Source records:
++++++++++

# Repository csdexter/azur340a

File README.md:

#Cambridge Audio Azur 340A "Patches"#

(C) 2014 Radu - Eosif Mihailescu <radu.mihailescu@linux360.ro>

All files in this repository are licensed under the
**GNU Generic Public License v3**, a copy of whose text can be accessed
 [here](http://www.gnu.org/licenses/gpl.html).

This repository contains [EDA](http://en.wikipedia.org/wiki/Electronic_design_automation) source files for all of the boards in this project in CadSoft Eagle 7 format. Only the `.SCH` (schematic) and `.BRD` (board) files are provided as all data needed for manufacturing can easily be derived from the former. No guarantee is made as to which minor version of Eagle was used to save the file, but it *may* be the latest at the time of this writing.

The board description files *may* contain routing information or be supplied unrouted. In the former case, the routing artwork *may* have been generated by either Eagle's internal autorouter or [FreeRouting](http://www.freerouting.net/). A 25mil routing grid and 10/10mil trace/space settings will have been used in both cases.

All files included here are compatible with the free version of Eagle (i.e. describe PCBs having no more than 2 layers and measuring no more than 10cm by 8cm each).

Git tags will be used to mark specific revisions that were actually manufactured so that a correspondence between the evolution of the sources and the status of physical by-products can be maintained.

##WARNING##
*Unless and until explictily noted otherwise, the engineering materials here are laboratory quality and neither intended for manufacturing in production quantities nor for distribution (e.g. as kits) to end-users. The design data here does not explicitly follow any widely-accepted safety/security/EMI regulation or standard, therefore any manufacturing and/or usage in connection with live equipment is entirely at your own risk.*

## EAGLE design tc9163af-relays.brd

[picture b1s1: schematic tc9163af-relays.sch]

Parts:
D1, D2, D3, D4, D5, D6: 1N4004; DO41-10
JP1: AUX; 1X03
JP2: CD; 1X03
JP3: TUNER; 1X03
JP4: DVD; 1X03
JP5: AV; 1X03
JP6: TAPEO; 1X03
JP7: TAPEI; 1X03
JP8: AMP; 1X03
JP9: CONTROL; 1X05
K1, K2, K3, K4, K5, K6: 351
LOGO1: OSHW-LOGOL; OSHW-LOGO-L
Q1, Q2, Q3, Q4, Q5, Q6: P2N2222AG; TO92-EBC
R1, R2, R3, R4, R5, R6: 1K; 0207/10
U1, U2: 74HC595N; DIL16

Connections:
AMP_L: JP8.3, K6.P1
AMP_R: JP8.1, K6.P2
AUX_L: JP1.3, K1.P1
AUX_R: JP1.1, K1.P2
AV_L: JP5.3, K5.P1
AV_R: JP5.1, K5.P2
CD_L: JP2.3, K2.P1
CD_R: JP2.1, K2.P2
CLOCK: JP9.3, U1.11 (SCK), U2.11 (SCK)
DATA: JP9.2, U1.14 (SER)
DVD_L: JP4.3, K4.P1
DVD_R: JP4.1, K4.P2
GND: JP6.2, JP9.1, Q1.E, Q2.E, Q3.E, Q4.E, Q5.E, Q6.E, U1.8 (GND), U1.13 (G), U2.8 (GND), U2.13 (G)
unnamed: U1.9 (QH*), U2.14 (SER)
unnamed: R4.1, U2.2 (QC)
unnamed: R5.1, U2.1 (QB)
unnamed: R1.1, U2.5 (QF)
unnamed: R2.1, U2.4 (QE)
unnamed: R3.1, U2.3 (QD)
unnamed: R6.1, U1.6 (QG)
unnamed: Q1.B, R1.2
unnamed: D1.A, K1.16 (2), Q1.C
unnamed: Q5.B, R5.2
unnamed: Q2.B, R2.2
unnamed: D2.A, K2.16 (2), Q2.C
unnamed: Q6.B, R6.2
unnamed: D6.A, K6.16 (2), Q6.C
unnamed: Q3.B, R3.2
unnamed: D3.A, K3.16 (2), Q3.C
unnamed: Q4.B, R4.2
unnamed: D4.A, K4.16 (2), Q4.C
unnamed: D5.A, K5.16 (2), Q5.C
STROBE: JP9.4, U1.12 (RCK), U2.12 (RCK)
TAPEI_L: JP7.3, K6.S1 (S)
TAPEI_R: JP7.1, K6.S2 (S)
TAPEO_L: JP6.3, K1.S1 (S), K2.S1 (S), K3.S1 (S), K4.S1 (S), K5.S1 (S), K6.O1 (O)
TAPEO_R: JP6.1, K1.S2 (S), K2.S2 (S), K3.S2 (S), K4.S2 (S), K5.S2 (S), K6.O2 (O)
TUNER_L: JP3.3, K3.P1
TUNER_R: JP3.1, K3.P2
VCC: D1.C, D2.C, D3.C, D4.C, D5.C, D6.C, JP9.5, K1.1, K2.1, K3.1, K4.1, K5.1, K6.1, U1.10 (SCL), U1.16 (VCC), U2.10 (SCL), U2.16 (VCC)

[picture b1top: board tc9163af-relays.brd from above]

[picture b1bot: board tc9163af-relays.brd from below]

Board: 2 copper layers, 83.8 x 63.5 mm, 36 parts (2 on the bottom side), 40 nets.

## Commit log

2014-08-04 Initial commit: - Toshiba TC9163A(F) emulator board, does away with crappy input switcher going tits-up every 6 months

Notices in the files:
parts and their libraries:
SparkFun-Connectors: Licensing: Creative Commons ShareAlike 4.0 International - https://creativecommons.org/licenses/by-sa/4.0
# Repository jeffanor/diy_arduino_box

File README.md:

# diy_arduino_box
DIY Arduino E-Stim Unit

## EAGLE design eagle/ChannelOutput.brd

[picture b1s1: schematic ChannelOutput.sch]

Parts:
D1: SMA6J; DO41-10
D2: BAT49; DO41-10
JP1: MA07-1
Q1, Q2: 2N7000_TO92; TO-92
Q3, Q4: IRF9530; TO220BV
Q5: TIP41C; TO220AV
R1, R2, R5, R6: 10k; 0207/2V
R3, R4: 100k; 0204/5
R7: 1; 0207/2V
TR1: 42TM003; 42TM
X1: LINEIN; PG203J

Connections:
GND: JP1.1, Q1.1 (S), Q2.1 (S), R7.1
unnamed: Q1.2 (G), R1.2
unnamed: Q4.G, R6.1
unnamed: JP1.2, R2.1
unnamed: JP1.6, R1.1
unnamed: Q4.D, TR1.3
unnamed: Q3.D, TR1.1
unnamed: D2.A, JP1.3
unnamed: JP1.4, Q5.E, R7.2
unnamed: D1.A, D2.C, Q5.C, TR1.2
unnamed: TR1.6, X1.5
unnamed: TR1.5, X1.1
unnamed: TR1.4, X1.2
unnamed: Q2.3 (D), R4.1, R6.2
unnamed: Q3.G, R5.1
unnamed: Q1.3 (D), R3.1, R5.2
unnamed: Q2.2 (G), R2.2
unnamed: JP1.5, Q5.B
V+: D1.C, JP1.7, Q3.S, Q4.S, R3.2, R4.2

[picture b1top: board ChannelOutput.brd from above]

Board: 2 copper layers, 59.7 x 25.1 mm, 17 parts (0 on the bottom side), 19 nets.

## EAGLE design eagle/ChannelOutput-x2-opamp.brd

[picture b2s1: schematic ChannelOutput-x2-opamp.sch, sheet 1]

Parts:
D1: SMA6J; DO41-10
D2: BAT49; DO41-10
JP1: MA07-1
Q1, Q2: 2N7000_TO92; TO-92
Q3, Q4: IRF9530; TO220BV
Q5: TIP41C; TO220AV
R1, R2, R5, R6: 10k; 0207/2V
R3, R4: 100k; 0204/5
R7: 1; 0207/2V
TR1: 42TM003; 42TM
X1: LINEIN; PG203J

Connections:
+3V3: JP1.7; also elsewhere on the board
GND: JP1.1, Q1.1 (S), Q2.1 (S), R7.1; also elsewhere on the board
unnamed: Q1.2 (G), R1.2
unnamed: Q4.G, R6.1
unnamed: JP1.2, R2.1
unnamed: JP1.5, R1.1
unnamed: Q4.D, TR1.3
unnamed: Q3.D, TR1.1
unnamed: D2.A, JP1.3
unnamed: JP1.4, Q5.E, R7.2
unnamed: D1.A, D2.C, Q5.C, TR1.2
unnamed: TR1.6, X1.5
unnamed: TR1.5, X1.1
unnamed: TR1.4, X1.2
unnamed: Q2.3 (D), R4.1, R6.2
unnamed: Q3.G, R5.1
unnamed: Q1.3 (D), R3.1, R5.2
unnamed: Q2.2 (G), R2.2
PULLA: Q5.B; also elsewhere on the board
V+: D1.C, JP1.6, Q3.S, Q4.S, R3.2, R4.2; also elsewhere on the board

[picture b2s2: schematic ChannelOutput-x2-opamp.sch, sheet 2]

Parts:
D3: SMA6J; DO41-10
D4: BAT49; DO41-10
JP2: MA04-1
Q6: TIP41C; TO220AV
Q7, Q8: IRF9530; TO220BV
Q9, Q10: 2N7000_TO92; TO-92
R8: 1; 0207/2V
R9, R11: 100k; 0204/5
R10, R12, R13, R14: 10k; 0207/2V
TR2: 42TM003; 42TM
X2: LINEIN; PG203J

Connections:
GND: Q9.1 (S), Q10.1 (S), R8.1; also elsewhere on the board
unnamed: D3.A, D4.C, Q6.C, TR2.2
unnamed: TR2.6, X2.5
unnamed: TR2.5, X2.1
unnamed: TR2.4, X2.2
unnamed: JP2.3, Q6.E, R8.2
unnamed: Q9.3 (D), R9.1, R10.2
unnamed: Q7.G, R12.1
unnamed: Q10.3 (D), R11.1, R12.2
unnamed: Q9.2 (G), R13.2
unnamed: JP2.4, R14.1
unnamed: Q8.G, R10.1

++++++++++

## REQUIREMENT
Take the lines above from the first through the one containing "[here](http://www.gnu.org/licenses/gpl.html)." and reproduce them exactly; include nothing else.

## ANSWER TO THE EXERCISE
# Repository csdexter/azur340a

File README.md:

#Cambridge Audio Azur 340A "Patches"#

(C) 2014 Radu - Eosif Mihailescu <radu.mihailescu@linux360.ro>

All files in this repository are licensed under the
**GNU Generic Public License v3**, a copy of whose text can be accessed
 [here](http://www.gnu.org/licenses/gpl.html).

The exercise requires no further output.